_Work to complete_.
Your job is to copy every line in the material containing the word "removed".

_Information provided_.
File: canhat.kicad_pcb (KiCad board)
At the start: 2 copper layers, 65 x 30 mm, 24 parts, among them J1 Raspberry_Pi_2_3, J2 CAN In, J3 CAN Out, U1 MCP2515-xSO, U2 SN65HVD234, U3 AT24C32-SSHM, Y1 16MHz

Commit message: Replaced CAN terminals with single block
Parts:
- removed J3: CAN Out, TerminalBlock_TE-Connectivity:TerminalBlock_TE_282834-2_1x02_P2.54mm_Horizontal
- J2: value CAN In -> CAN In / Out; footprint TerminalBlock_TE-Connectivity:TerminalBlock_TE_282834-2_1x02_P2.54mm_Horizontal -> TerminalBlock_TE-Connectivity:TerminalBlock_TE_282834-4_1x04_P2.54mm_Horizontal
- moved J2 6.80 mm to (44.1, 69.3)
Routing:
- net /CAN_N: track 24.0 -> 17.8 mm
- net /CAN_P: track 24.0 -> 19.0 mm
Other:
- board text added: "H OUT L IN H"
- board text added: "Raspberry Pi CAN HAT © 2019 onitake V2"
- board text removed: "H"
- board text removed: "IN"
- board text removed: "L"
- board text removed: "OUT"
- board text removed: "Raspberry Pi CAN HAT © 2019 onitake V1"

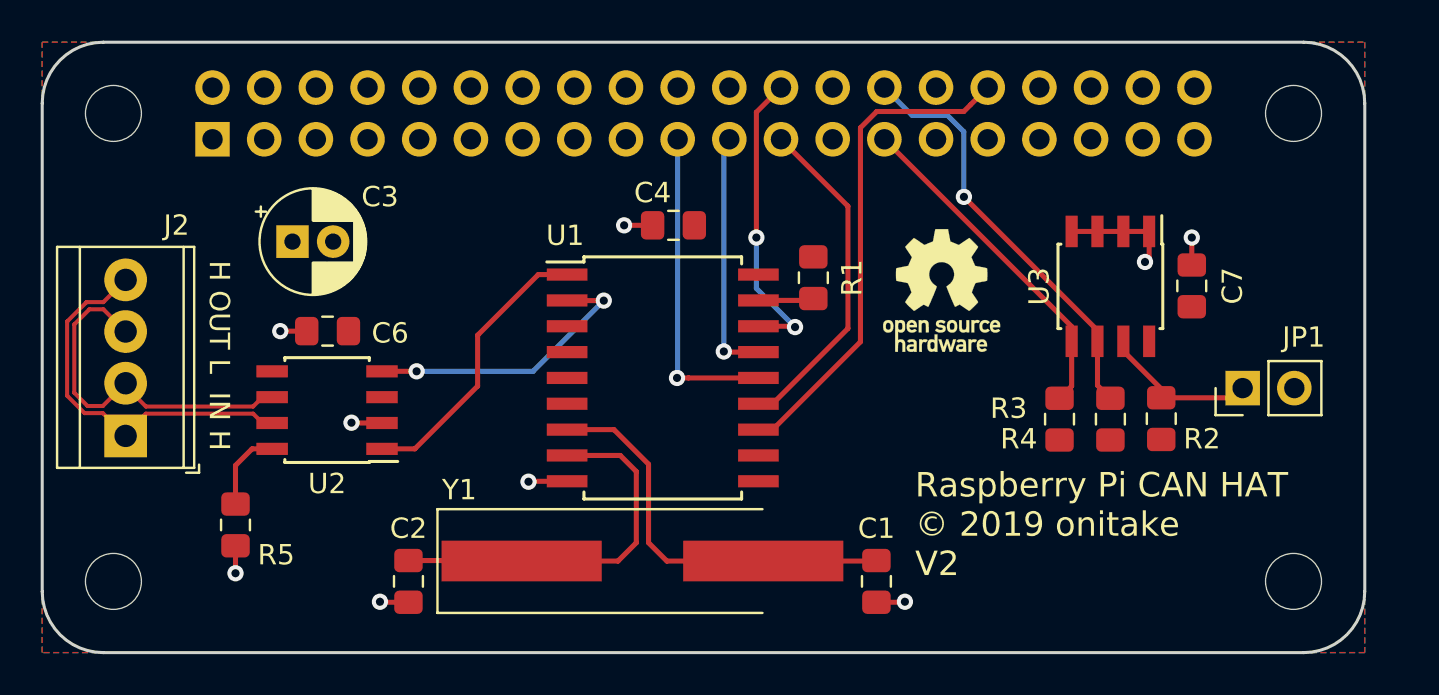
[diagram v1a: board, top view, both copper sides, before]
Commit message: Added 5V power terminal
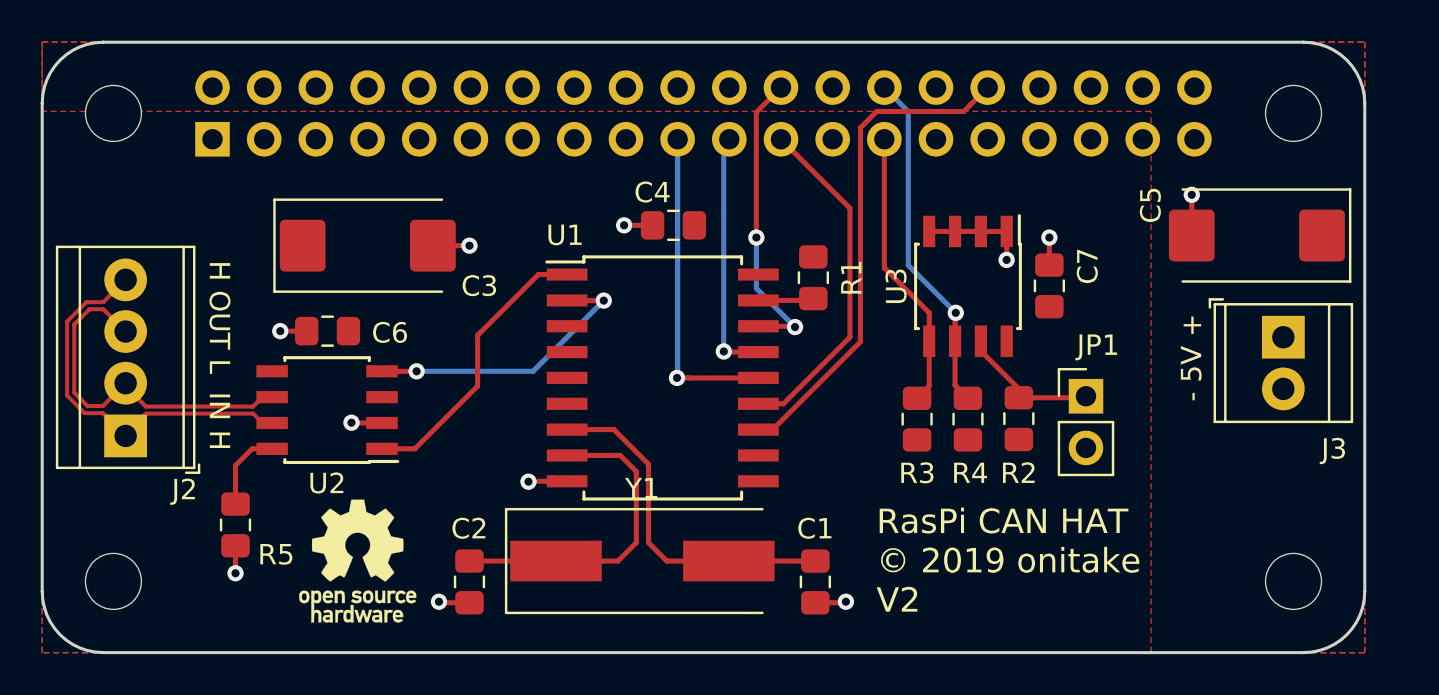
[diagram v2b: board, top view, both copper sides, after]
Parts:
- added C5: 10u, Capacitor_Tantalum_SMD:CP_EIA-7343-31_Kemet-D_Pad2.25x2.55mm_HandSolder, F.Cu at (99.7, 59.5)
- added J3: 5V, TerminalBlock_TE-Connectivity:TerminalBlock_TE_282834-2_1x02_P2.54mm_Horizontal, F.Cu at (101.0, 64.5)
- C3: footprint Capacitor_THT:CP_Radial_D5.0mm_P2.00mm -> Capacitor_Tantalum_SMD:CP_EIA-7343-31_Kemet-D_Pad2.25x2.55mm_HandSolder
- Y1: footprint Crystal:Crystal_SMD_HC49-SD_HandSoldering -> Crystal:Crystal_SMD_HC49-SD
- moved OSHW1 31.6 mm to (55.5, 75.5)
- moved JP1 7.71 mm to (91.3, 67.4), turned to 0 degrees
- moved C7 7.00 mm to (89.5, 62.0)
- moved R2 7.00 mm to (88.0, 68.5)
- moved R3 7.00 mm to (83.0, 68.5)
- moved R4 7.00 mm to (85.5, 68.5)
- moved U3 7.00 mm to (85.5, 62.0)
- moved C3 3.71 mm to (56.0, 60.0)
- moved C1 3.00 mm to (78.0, 76.5)
- moved C2 3.00 mm to (61.0, 76.5)
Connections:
- J1 pad 2: (no net) -> +5V
- J1 pad 4: (no net) -> +5V
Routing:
- net /ID_SC: track 20.9 -> 17.0 mm
- net GND: track 17.0 -> 20.9 mm, vias 9 -> 11
- net /ID_SD: track 16.8 -> 13.9 mm
- net Net-(C2-Pad2): track 18.8 -> 17.5 mm
- net Net-(C1-Pad1): track 20.1 -> 18.8 mm
- added copper zone on F.Cu, net +5V
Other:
- board text added: "- 5V +"
- board text added: "RasPi CAN HAT © 2019 onitake V2"
- board text removed: "Raspberry Pi CAN HAT © 2019 onitake V2"

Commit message: Optimized traces
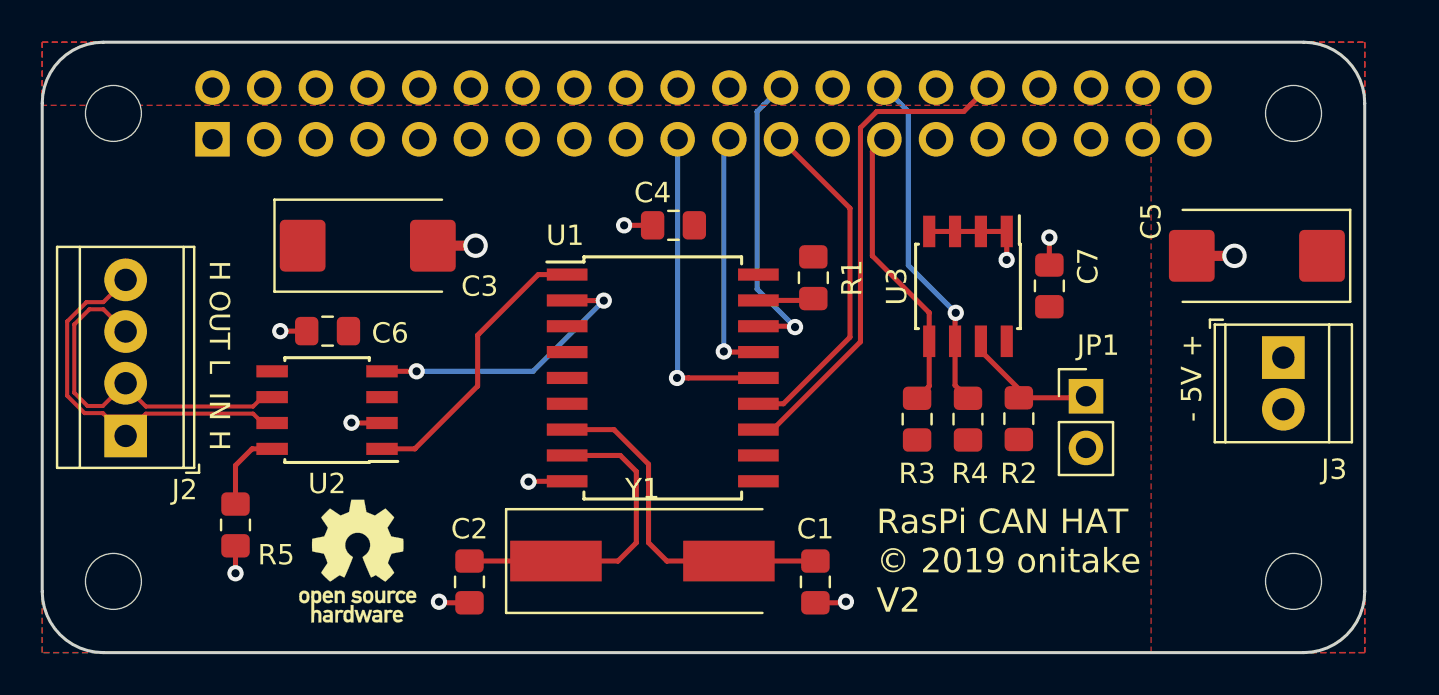
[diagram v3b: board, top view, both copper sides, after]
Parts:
- moved C5 1.00 mm to (99.7, 60.5)
- moved J3 1.00 mm to (101.0, 65.5)
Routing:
- net /~CS: track 14.9 -> 14.8 mm, vias 2 -> 1
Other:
- net class Power added: clearance 0.2, trace_width 0.5, via_dia 1.2, via_drill 0.8
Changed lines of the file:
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@@
   )
   (setup
-    (last_trace_width 0.25)
+    (last_trace_width 0.5)
+    (user_trace_width 0.5)
     (trace_clearance 0.2)
     (zone_clearance 0.25)
@@
     (via_min_size 0.4)
     (via_min_drill 0.3)
+    (user_via 1.2 0.8)
     (uvia_size 0.3)
     (uvia_drill 0.1)
@@
     (solder_mask_min_width 0.25)
     (aux_axis_origin 40 50)
-    (grid_origin 40 50)
     (visible_elements FFFFFF7F)
     (pcbplotparams
@@
     (add_net /CAN_N)
     (add_net /CAN_P)
+  )
+  (net_class Power ""
+    (clearance 0.2)
+    (trace_width 0.5)
+    (via_dia 1.2)
+    (via_drill 0.8)
+    (uvia_dia 0.3)
+    (uvia_drill 0.1)
   )
   (module TerminalBlock_TE-Connectivity:TerminalBlock_TE_282834-4_1x04_P2.54mm_Horizontal (layer F.Cu)
@@
   )
   (module Capacitor_Tantalum_SMD:CP_EIA-7343-31_Kemet-D_Pad2.25x2.55mm_HandSolder (layer F.Cu)
-    (at 99.7 59.5 180)
+    (at 99.7 60.5 180)
     (descr "Tantalum Capacitor SMD Kemet-D (7343-31 Metric), IPC_7351 nominal, (Body size from: http://www.kemet.com/Lists/ProductCatalog/Attachments/253/KEM_TC101_STD.pdf), generated with kicad-footprint-generator")
     (tags "capacitor tantalum")
     (attr smd)
-    (fp_text reference C5 (at 5.2 1.5 270) (layer F.SilkS)
+    (fp_text reference C5 (at 5.2 1.7 270) (layer F.SilkS)
       (effects (font (size 1 1) (thickness 0.15)))
     )
@@
   )
   (module TerminalBlock_TE-Connectivity:TerminalBlock_TE_282834-2_1x02_P2.54mm_Horizontal (layer F.Cu)
-    (at 101 64.5 270)
+    (at 101 65.5 270)
     (descr "Terminal Block TE 282834-2, 2 pins, pitch 2.54mm, size 5.54x6.5mm^2, drill diamater 1.1mm, pad diameter 2.1mm, see http://www.te.com/commerce/DocumentDelivery/DDEController?Action=showdoc&DocId=Customer+Drawing%7F282834%7FC1%7Fpdf%7FEnglish%7FENG_CD_282834_C1.pdf, script-generated using https://github.com/pointhi/kicad-footprint-generator/scripts/TerminalBlock_TE-Connectivity")
     (tags "THT Terminal Block TE 282834-2 pitch 2.54mm size 5.54x6.5mm^2 drill 1.1mm pad 2.1mm")
@@
     )
   )
-  (gr_text "- 5V +" (at 96.5 65.5 90) (layer F.SilkS)
+  (gr_text "- 5V +" (at 96.5 66.5 90) (layer F.SilkS)
     (effects (font (size 1 1) (thickness 0.15)))
   )
@@
   (segment (start 87.405 59.3) (end 87.405 60.695) (width 0.25) (layer F.Cu) (net 3))
   (segment (start 87.405 60.695) (end 87.4 60.7) (width 0.25) (layer F.Cu) (net 3))
-  (via (at 96.5 57.5) (size 0.8) (drill 0.4) (layers F.Cu B.Cu) (net 3))
-  (segment (start 96.5 59.5) (end 96.5 57.5) (width 0.25) (layer F.Cu) (net 3))
-  (segment (start 59.2 60) (end 61 60) (width 0.25) (layer F.Cu) (net 3) (status 1000000))
-  (via (at 61 60) (size 0.8) (drill 0.4) (layers F.Cu B.Cu) (net 3) (status 1000000))
-  (segment (start 85.620001 53.079999) (end 86.47 52.23) (width 0.25) (layer F.Cu) (net 4) (status 30))
+  (via (at 61.3 60) (size 1.2) (drill 0.8) (layers F.Cu B.Cu) (net 3))
+  (segment (start 59.2 60) (end 61.3 60) (width 0.5) (layer F.Cu) (net 3))
+  (via (at 98.6 60.5) (size 1.2) (drill 0.8) (layers F.Cu B.Cu) (net 3))
+  (segment (start 96.5 60.5) (end 98.6 60.5) (width 0.5) (layer F.Cu) (net 3))
   (segment (start 85.294999 53.405001) (end 85.620001 53.079999) (width 0.25) (layer F.Cu) (net 4) (status 20))
   (segment (start 80.214999 54.205999) (end 81.015997 53.405001) (width 0.25) (layer F.Cu) (net 4))
+  (segment (start 80.214999 64.725001) (end 80.214999 54.205999) (width 0.25) (layer F.Cu) (net 4))
   (segment (start 81.015997 53.405001) (end 85.294999 53.405001) (width 0.25) (layer F.Cu) (net 4))
   (segment (start 75.9 69.04) (end 80.214999 64.725001) (width 0.25) (layer F.Cu) (net 4) (status 10))
-  (segment (start 80.214999 64.725001) (end 80.214999 54.205999) (width 0.25) (layer F.Cu) (net 4))
   (segment (start 75.2 69.04) (end 75.9 69.04) (width 0.25) (layer F.Cu) (net 4) (status 30))
-  (segment (start 75.2 67.77) (end 76.43 67.77) (width 0.25) (layer F.Cu) (net 5))
-  (segment (start 76.43 67.77) (end 79.7 64.5) (width 0.25) (layer F.Cu) (net 5))
-  (segment (start 79.7 58.16) (end 76.31 54.77) (width 0.25) (layer F.Cu) (net 5))
-  (segment (start 79.7 64.5) (end 79.7 58.16) (width 0.25) (layer F.Cu) (net 5))
+  (segment (start 85.620001 53.079999) (end 86.47 52.23) (width 0.25) (layer F.Cu) (net 4) (status 30))
+  (segment (start 76.43 67.77) (end 75.2 67.77) (width 0.25) (layer F.Cu) (net 5))
+  (segment (start 79.7 64.5) (end 76.43 67.77) (width 0.25) (layer F.Cu) (net 5))
+  (segment (start 79.7 58.16) (end 79.7 64.5) (width 0.25) (layer F.Cu) (net 5))
+  (segment (start 76.31 54.77) (end 79.7 58.16) (width 0.25) (layer F.Cu) (net 5))
   (via (at 71.2 66.5) (size 0.8) (drill 0.4) (layers F.Cu B.Cu) (net 6))
   (segment (start 71.23 54.77) (end 71.23 66.47) (width 0.25) (layer B.Cu) (net 6))
@@
   (via (at 77 64) (size 0.8) (drill 0.4) (layers F.Cu B.Cu) (net 8))
   (segment (start 76.96 63.96) (end 77 64) (width 0.25) (layer F.Cu) (net 8))
-  (via (at 75.1 59.6) (size 0.8) (drill 0.4) (layers F.Cu B.Cu) (net 8))
-  (segment (start 77 64) (end 75.1 62.1) (width 0.25) (layer B.Cu) (net 8))
-  (segment (start 75.1 62.1) (end 75.1 59.6) (width 0.25) (layer B.Cu) (net 8))
-  (segment (start 75.1 53.44) (end 76.31 52.23) (width 0.25) (layer F.Cu) (net 8) (status 20))
-  (segment (start 75.1 59.6) (end 75.1 53.44) (width 0.25) (layer F.Cu) (net 8))
+  (segment (start 75.134999 53.405001) (end 75.460001 53.079999) (width 0.25) (layer B.Cu) (net 8))
+  (segment (start 75.460001 53.079999) (end 76.31 52.23) (width 0.25) (layer B.Cu) (net 8))
+  (segment (start 75.134999 62.134999) (end 75.134999 53.405001) (width 0.25) (layer B.Cu) (net 8))
+  (segment (start 77 64) (end 75.134999 62.134999) (width 0.25) (layer B.Cu) (net 8))
   (segment (start 78.01 62.69) (end 78.1 62.6) (width 0.25) (layer F.Cu) (net 9) (status 30))
   (segment (start 77.81 62.69) (end 77.9 62.6) (width 0.25) (layer F.Cu) (net 9) (status 30))
@@
   (segment (start 83.595 64.7) (end 83.595 66.905) (width 0.25) (layer F.Cu) (net 11) (status 10))
   (segment (start 83.595 63.295) (end 83.595 64.7) (width 0.25) (layer F.Cu) (net 11))
-  (segment (start 81.39 61.09) (end 83.595 63.295) (width 0.25) (layer F.Cu) (net 11))
-  (segment (start 81.39 54.77) (end 81.39 61.09) (width 0.25) (layer F.Cu) (net 11))
+  (segment (start 80.8 60.5) (end 83.595 63.295) (width 0.25) (layer F.Cu) (net 11))
+  (segment (start 80.8 55.36) (end 80.8 60.5) (width 0.25) (layer F.Cu) (net 11))
+  (segment (start 81.39 54.77) (end 80.8 55.36) (width 0.25) (layer F.Cu) (net 11))
   (segment (start 84.865 66.865) (end 85.5 67.5) (width 0.25) (layer F.Cu) (net 12) (status 20))
   (segment (start 84.865 64.7) (end 84.865 66.865) (width 0.25) (layer F.Cu) (net 12) (status 10))
@@
     (polygon
       (pts
-        (xy 40 50) (xy 105 50) (xy 105 80) (xy 94.5 80) (xy 94.5 58.7)
-        (xy 94.5 53.4) (xy 40 53.4)
+        (xy 40 50) (xy 105 50) (xy 105 80) (xy 94.5 80) (xy 94.5 53.1)
+        (xy 40 53.1)
       )
     )

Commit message: Small track optimisations
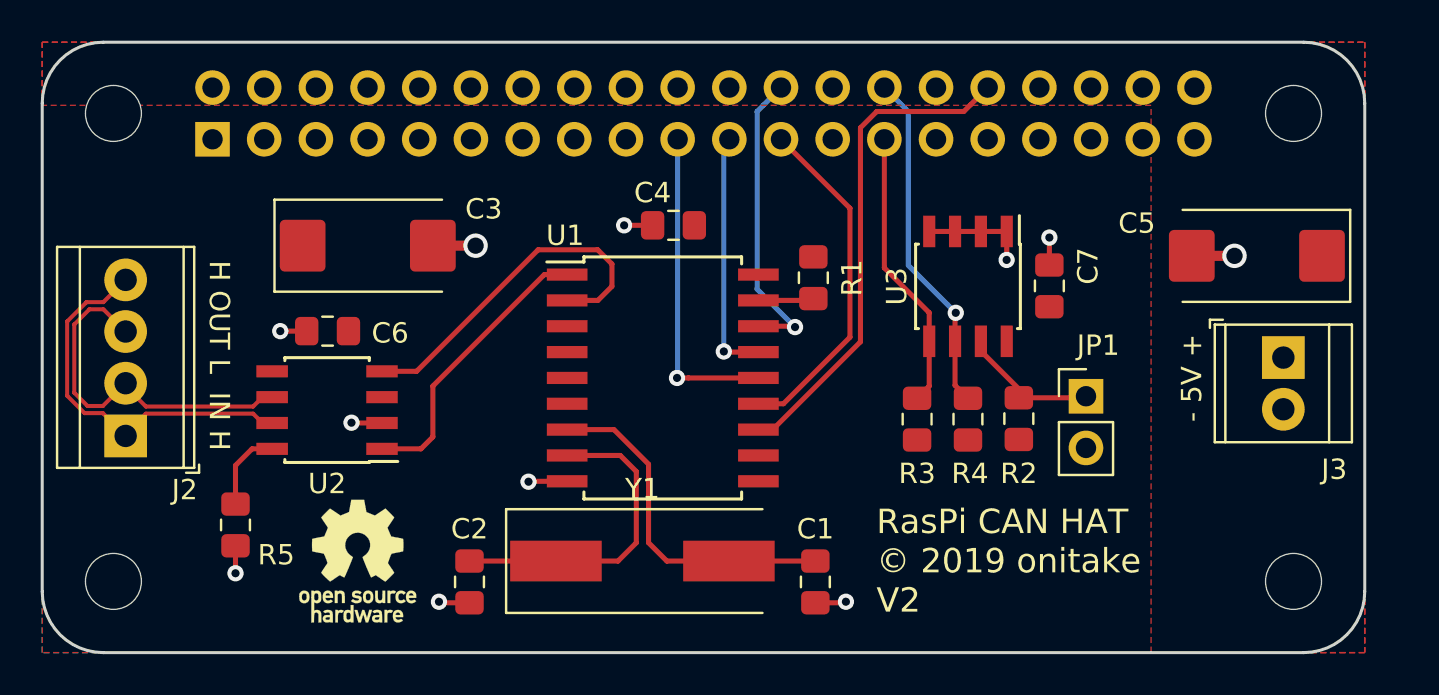
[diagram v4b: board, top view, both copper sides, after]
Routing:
- net /RX: track 14.1 -> 17.7 mm, vias 2 -> 0
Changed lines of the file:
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@@
     (thickness 1.6)
     (drawings 13)
-    (tracks 131)
+    (tracks 129)
     (zones 0)
     (modules 25)
@@
   (title_block
     (title "CAN HAT for Raspberry Pi")
-    (date 2019-05-01)
+    (date 2019-05-02)
     (rev 2)
-    (company "Gregor Riepl <onitake@gmail.com>")
+    (company "© 2019 Gregor Riepl")
   )
   (layers
@@
   )
   (setup
-    (last_trace_width 0.5)
+    (last_trace_width 0.25)
     (user_trace_width 0.5)
     (trace_clearance 0.2)
@@
     (tags "capacitor tantalum")
     (attr smd)
-    (fp_text reference C5 (at 5.2 1.7 270) (layer F.SilkS)
+    (fp_text reference C5 (at 5.9 1.6) (layer F.SilkS)
       (effects (font (size 1 1) (thickness 0.15)))
     )
@@
     (tags "capacitor tantalum")
     (attr smd)
-    (fp_text reference C3 (at 5.5 2) (layer F.SilkS)
+    (fp_text reference C3 (at 5.7 -1.8) (layer F.SilkS)
       (effects (font (size 1 1) (thickness 0.15)))
     )
@@
   (segment (start 83.595 64.7) (end 83.595 66.905) (width 0.25) (layer F.Cu) (net 11) (status 10))
   (segment (start 83.595 63.295) (end 83.595 64.7) (width 0.25) (layer F.Cu) (net 11))
-  (segment (start 80.8 60.5) (end 83.595 63.295) (width 0.25) (layer F.Cu) (net 11))
-  (segment (start 80.8 55.36) (end 80.8 60.5) (width 0.25) (layer F.Cu) (net 11))
-  (segment (start 81.39 54.77) (end 80.8 55.36) (width 0.25) (layer F.Cu) (net 11))
+  (segment (start 81.39 61.09) (end 83.595 63.295) (width 0.25) (layer F.Cu) (net 11))
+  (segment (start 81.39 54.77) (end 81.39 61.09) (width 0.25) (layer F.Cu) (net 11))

_Solved problem_.
- removed J3: CAN Out, TerminalBlock_TE-Connectivity:TerminalBlock_TE_282834-2_1x02_P2.54mm_Horizontal
- board text removed: "H"
- board text removed: "IN"
- board text removed: "L"
- board text removed: "OUT"
- board text removed: "Raspberry Pi CAN HAT © 2019 onitake V1"
- board text removed: "Raspberry Pi CAN HAT © 2019 onitake V2"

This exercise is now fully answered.